ABSTRACT  It is known that animals show different responses to the same teratogen between different strains. We examined cardiac malformations in Sprague–Dawley (SD) and Wistar rats induced by bis‐diamine, which produced conotruncal anomalies and aortic arch malformations in embryos when administered to the dams, to elucidate the morphological differences and pathogenesis in the two strains. Two hundred milligrams of bis‐diamine dissolved in 1% gum‐tragacanth was administered to pregnant rats on embryonic day (ED) 9.5, 10.5 and 11.5 in each strain. The embryos were removed on ED 20.5. External appearances, cardiovascular morphology and associated anomalies were examined under a dissecting microscope. An immunohistological study with an anti‐N‐CAM antibody, an excellent marker for neural crest cells, was performed on ED 12.5 embryos. Isolated aortic arch anomalies were common features of malformations induced by bis‐diamine in SD rats and intracardiac defects were found in a small number of the embryos. Wistar rats showed more serious cardiovascular anomalies, such as persistent truncus arteriosus and tetralogy of Fallot, especially when dams were treated on ED 10.5 and isolated arch anomalies were significantly less prevalent than in SD rats. Immunohistology demonstrated that there were fewer N‐CAM positive cells in the conotruncal region in Wistar rats than in SD rats. Bis‐diamine induced more critical cardiovascular malformations in Wistar rats because neural crest cells, which play an important role in conotruncal septation, were more extensively damaged. Different susceptibility to bis‐diamine and/or different time of neural crest cell emigration from the hindbrain might explain those morphological differences.

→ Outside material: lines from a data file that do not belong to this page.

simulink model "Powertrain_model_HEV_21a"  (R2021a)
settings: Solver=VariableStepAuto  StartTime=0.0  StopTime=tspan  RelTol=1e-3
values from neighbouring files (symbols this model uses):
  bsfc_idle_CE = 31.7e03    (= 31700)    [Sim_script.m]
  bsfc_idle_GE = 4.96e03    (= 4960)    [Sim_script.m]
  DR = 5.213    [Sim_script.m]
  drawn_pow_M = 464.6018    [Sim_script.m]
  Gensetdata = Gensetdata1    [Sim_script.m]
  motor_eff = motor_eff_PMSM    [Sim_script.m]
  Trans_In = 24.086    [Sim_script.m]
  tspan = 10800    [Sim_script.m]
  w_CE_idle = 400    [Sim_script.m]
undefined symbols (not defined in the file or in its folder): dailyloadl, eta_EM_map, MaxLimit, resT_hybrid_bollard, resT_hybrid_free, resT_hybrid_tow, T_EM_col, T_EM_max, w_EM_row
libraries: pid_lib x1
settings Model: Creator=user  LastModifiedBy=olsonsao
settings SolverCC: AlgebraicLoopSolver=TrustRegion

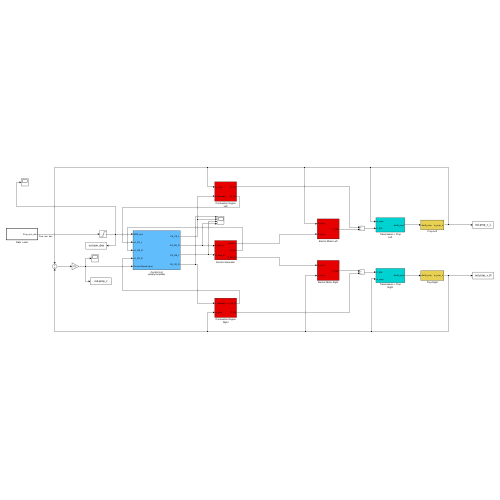
[thumbnail: Simulink's stored preview of the top-level diagram]
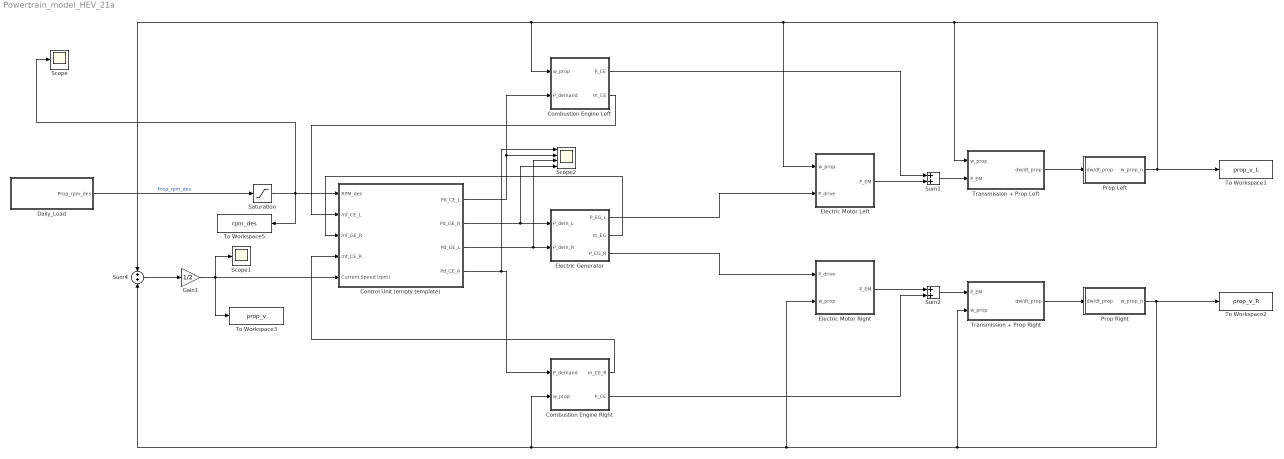
== system Powertrain_model_HEV_21a ==
  Combustion Engine Left : Subsystem  Tag=combustion engine
  Combustion Engine Right : Subsystem  Tag=combustion engine
  Control Unit (empty template) : Subsystem  Tag=control unit
  Daily_Load : Subsystem  TreatAsAtomicUnit=on
  "Electric Generator " : Subsystem
  Electric Motor Left : Subsystem
  Electric Motor Right : Subsystem
  Gain1 : Gain  Gain=1/2
  Prop Left : Subsystem
  Prop Right : Subsystem
  Saturation : Saturate  UpperLimit=inf  LowerLimit=w_CE_idle/DR
  Scope : Scope
  Scope1 : Scope
  Scope2 : Scope  NumInputPorts=4
  Sum1 : Sum
  Sum2 : Sum
  Sum4 : Sum  Inputs=+|+
  To Workspace1 : ToWorkspace  VariableName=prop_v_L  SampleTime=-1
      settings: Save2DSignal=2-D array (concatenate along first dimension)
  To Workspace2 : ToWorkspace  VariableName=prop_v_R  SampleTime=-1
      settings: Save2DSignal=2-D array (concatenate along first dimension)
  To Workspace3 : ToWorkspace  VariableName=prop_v  SampleTime=-1
      settings: Save2DSignal=2-D array (concatenate along first dimension)
  To Workspace5 : ToWorkspace  VariableName=rpm_des  SampleTime=-1
      settings: Save2DSignal=2-D array (concatenate along first dimension)
  Transmission + Prop Left : Subsystem
  Transmission + Prop Right : Subsystem
  wires:
  Transmission + Prop Left/1(dw/dt_prop) -> Prop Left/1(dw/dt_prop)
  Transmission + Prop Right/1(dw/dt_prop) -> Prop Right/1(dw/dt_prop)
  Prop Left/1(w_prop_n) -> Transmission + Prop Left/1(w_prop), Electric Motor Left/1(w_prop), Sum4/1, Combustion Engine Left/1(w_prop), To Workspace1/1
  Electric Motor Right/1(P_EM) -> Sum2/1
  Sum2/1 -> Transmission + Prop Right/1(P_EM)
  Combustion Engine Left/1(P_CE) -> Sum1/1
  Sum1/1 -> Transmission + Prop Left/2(P_EM)
  Electric Motor Left/1(P_EM) -> Sum1/2
  Combustion Engine Right/1(m_CE_R) -> Control Unit (empty template)/4(mf_CE_R)
  Combustion Engine Left/2(m_CE) -> Control Unit (empty template)/2(mf_CE_L)
  Control Unit (empty template)/4(Pd_CE_R) -> Scope2/1, Combustion Engine Right/1(P_demand)
  Control Unit (empty template)/1(Pd_CE_L) -> Combustion Engine Left/2(P_demand), Scope2/2
  "Electric Generator "/2(m_EG) -> Control Unit (empty template)/3(mf_GE_R)
  Combustion Engine Right/2(P_CE) -> Sum2/2
  Saturation/1 -> Scope/1, To Workspace5/1, Control Unit (empty template)/1(RPM_des)
  Control Unit (empty template)/2(Pd_GE_R) -> Scope2/4, "Electric Generator "/1(P_dem_L)
  Sum4/1 -> Gain1/1
  Daily_Load/1(Prop_rpm_des) -> Saturation/1  "Prop_rpm_des"
  Control Unit (empty template)/3(Pd_GE_L) -> Scope2/3, "Electric Generator "/2(P_dem_R)
  "Electric Generator "/1(P_EG_L) -> Electric Motor Left/2(P_drive)
  "Electric Generator "/3(P_EG_R) -> Electric Motor Right/1(P_drive)
  Prop Right/1(w_prop_n) -> Transmission + Prop Right/2(w_prop), Electric Motor Right/2(w_prop), Combustion Engine Right/2(w_prop), Sum4/2, To Workspace2/1
  Gain1/1 -> To Workspace3/1, Scope1/1, Control Unit (empty template)/5(Current Speed (rpm))

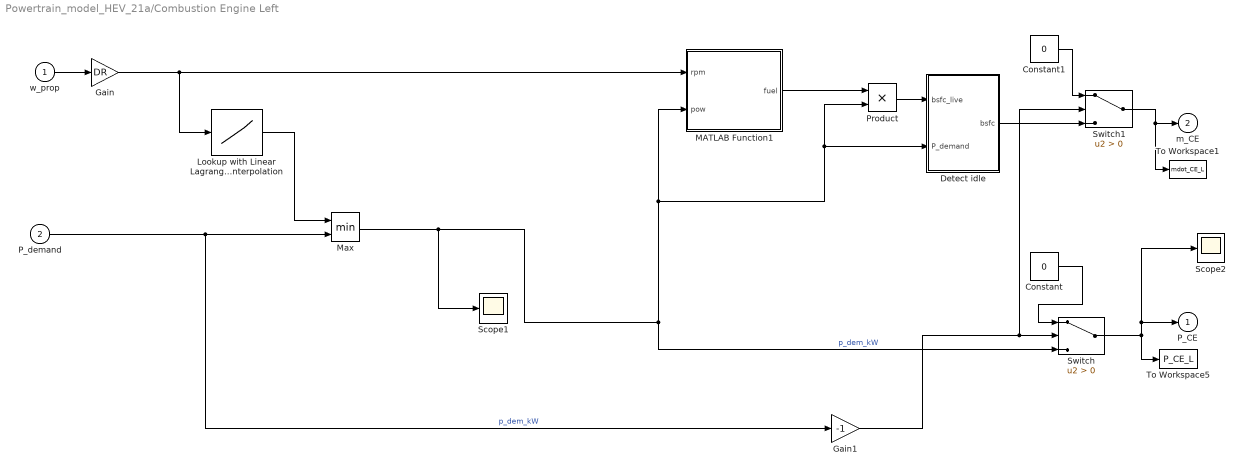
== system Powertrain_model_HEV_21a/Combustion Engine Left ==
  w_prop : Inport
  P_demand : Inport  Port=2
  Constant : Constant  Value=0
  Constant1 : Constant  Value=0
  Detect idle : Subsystem
  Gain : Gain  Gain=DR
  Gain1 : Gain  Gain=-1
  Lookup with Linear Lagrange Interpolation : Lookup_n-D  NumberOfTableDimensions=1  BreakpointsForDimension1=MaxLimit.('RPM')  Table=MaxLimit.('Pow_kW_')  InterpMethod=Linear Lagrange  InternalRulePriority=Speed  RndMeth=Simplest  InputSameDT=on
  MATLAB Function1 : MATLAB Function  TreatAsAtomicUnit=on
  Max : MinMax  Inputs=2
  Product : Product
  Scope1 : Scope
  Scope2 : Scope
  Switch : Switch  Criteria=u2 > Threshold
  Switch1 : Switch  Criteria=u2 > Threshold
  To Workspace1 : ToWorkspace  VariableName=mdot_CE_L  SampleTime=-1
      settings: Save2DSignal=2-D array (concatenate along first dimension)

Teratogenic effect of bis‐diamine on embryonic rat heart

ABSTRACT  Bis‐diamine induces conotruncal anomalies including persistent truncus arteriosus, tetralogy of Fallot, interruption of the aortic arch, and ventricular septal defect in rat embryos when administered to the mother. Bis‐diamine also induces extracardiac malformations including thymic hypoplasia, facial dysmorphism, forelimb anomalies and diaphragmatic hernia. However, the teratogenic mechanisms of this chemical in early developing rat hearts have not been fully established. Chimeric studies in chick and quail embryos demonstrated that the cranial neural crest cells reached the cardiac outflow tract, contributing to aorticopulmonary and truncal septation. Since an ablation of the cranial neural crest also produced the conotruncal anomalies, bis‐diamine is proposed to disturb the normal migration of cardiac neural crest cells to the heart. Based on our data concerning cardiac anomalies induced by bis‐diamine, we reviewed how the cardiac malformations were morphologically established in early developing rat hearts. Our data showed that 1) cardiovascular anomalies induced by bis‐diamine are time‐ and species or strain‐ dependent. 2) bis‐diamine reduces the number of neural crest cells migrating to participate in the conotruncal septation, 3) bis‐diamine induces anomalous coronary arteries, thin ventricular walls and epicardial defects, and 4) some embryos cultured in the medium containing bis‐diamine had extra‐cardiac abnormalities including abnormal location of the otic placodes and delay in mid brain closure. Conclusively, bis‐diamine does not appear to merely affect the cardiac development, but rather disturbs normal development of all the organs contributed to by neural crest cells.